Provided data section start

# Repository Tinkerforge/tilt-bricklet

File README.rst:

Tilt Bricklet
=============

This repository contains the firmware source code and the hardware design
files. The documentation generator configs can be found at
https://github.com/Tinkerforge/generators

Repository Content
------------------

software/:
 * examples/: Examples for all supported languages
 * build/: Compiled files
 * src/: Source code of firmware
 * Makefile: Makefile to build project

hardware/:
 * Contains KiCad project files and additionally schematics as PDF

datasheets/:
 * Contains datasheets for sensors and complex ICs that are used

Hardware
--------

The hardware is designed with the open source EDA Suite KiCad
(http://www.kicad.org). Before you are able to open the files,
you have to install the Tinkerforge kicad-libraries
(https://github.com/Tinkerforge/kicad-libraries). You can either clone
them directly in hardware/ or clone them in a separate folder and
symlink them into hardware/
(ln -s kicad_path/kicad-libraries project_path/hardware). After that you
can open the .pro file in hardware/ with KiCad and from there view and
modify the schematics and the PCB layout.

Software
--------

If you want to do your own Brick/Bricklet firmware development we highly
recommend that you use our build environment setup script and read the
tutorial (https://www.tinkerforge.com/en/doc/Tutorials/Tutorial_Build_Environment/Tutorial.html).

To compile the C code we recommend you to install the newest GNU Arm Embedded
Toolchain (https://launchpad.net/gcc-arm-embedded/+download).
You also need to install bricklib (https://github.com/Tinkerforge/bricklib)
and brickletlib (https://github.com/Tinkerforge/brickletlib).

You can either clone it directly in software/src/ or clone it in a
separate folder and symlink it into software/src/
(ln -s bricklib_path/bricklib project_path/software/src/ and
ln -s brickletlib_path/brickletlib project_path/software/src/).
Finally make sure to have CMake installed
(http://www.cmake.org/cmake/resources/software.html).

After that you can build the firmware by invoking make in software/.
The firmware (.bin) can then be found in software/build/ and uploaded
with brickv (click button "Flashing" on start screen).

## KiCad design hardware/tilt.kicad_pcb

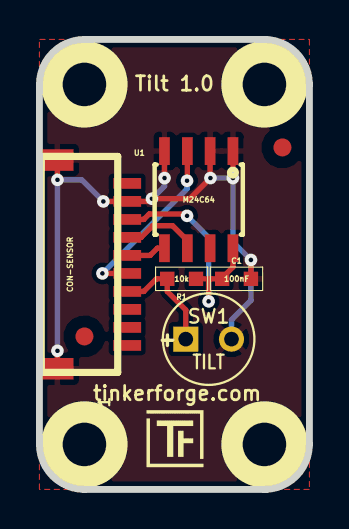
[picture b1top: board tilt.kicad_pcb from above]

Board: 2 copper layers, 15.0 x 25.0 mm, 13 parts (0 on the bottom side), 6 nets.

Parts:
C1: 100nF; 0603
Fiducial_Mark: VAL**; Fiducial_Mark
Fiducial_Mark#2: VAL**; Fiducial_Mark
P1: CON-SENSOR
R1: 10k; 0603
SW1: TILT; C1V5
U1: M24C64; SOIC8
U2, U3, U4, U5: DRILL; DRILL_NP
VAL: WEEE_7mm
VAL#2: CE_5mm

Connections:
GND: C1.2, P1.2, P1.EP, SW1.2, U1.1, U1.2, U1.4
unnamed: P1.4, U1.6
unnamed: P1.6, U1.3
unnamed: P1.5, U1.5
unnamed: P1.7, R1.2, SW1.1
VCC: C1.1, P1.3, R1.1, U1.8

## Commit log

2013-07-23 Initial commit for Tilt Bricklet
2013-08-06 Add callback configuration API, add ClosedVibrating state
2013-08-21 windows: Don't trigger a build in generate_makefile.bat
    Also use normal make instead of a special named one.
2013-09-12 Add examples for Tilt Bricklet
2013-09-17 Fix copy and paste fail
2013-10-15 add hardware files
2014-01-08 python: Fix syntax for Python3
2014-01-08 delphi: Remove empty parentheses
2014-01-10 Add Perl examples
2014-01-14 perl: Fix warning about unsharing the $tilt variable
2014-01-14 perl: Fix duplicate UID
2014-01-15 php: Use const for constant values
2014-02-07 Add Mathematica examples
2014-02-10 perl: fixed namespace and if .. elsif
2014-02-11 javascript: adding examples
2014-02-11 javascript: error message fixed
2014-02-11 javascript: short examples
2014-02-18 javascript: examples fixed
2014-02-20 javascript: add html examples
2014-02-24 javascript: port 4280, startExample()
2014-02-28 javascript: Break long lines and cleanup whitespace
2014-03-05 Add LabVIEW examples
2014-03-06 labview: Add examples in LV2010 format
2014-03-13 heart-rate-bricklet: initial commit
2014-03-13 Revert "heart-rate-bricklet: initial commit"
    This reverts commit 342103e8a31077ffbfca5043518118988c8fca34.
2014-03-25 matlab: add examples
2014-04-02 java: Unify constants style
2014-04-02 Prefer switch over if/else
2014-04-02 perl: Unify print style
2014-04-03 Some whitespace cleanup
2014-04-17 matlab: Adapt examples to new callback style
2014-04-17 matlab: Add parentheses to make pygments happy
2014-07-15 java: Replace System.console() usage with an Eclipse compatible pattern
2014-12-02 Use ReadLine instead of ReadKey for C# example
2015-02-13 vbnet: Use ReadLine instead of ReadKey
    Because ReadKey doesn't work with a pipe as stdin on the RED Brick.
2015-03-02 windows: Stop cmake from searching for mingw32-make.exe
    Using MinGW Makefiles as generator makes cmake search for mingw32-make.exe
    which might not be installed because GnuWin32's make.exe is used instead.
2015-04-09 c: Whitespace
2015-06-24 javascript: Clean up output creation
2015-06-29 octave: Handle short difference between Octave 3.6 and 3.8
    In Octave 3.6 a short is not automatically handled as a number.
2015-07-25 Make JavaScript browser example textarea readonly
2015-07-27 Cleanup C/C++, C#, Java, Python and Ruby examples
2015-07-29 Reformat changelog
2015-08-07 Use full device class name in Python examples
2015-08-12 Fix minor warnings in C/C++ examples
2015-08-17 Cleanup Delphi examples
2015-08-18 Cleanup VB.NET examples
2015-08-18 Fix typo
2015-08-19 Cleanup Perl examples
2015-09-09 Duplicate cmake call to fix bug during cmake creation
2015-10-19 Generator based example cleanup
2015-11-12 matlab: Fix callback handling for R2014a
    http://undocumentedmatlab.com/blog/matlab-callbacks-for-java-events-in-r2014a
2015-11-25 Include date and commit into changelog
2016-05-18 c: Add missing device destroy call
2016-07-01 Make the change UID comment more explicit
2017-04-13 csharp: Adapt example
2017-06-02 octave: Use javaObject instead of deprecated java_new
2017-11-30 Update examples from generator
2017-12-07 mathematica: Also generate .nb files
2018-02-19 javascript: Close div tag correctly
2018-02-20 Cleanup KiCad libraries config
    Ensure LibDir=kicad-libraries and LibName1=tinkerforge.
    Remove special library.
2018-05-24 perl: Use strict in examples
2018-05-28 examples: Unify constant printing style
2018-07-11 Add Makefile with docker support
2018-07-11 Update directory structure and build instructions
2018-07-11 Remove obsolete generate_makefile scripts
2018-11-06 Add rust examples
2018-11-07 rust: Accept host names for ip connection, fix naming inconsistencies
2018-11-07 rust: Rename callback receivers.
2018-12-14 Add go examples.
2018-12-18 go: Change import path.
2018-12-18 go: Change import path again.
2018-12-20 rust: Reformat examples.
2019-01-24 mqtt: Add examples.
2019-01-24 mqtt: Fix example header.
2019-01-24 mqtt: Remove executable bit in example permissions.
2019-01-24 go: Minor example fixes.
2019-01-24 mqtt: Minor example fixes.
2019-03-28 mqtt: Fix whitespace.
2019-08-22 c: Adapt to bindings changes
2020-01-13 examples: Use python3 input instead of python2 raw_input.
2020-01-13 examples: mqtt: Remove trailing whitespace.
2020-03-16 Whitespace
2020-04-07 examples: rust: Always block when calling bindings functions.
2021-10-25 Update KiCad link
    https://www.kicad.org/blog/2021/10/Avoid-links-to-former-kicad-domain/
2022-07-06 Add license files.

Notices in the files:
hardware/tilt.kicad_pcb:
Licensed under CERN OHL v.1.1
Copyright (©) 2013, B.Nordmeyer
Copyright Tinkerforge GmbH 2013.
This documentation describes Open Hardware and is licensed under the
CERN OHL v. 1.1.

Provided data section end

When a line among the entries contains "found", pull that line out.

Completed task>
files. The documentation generator configs can be found at
The firmware (.bin) can then be found in software/build/ and uploaded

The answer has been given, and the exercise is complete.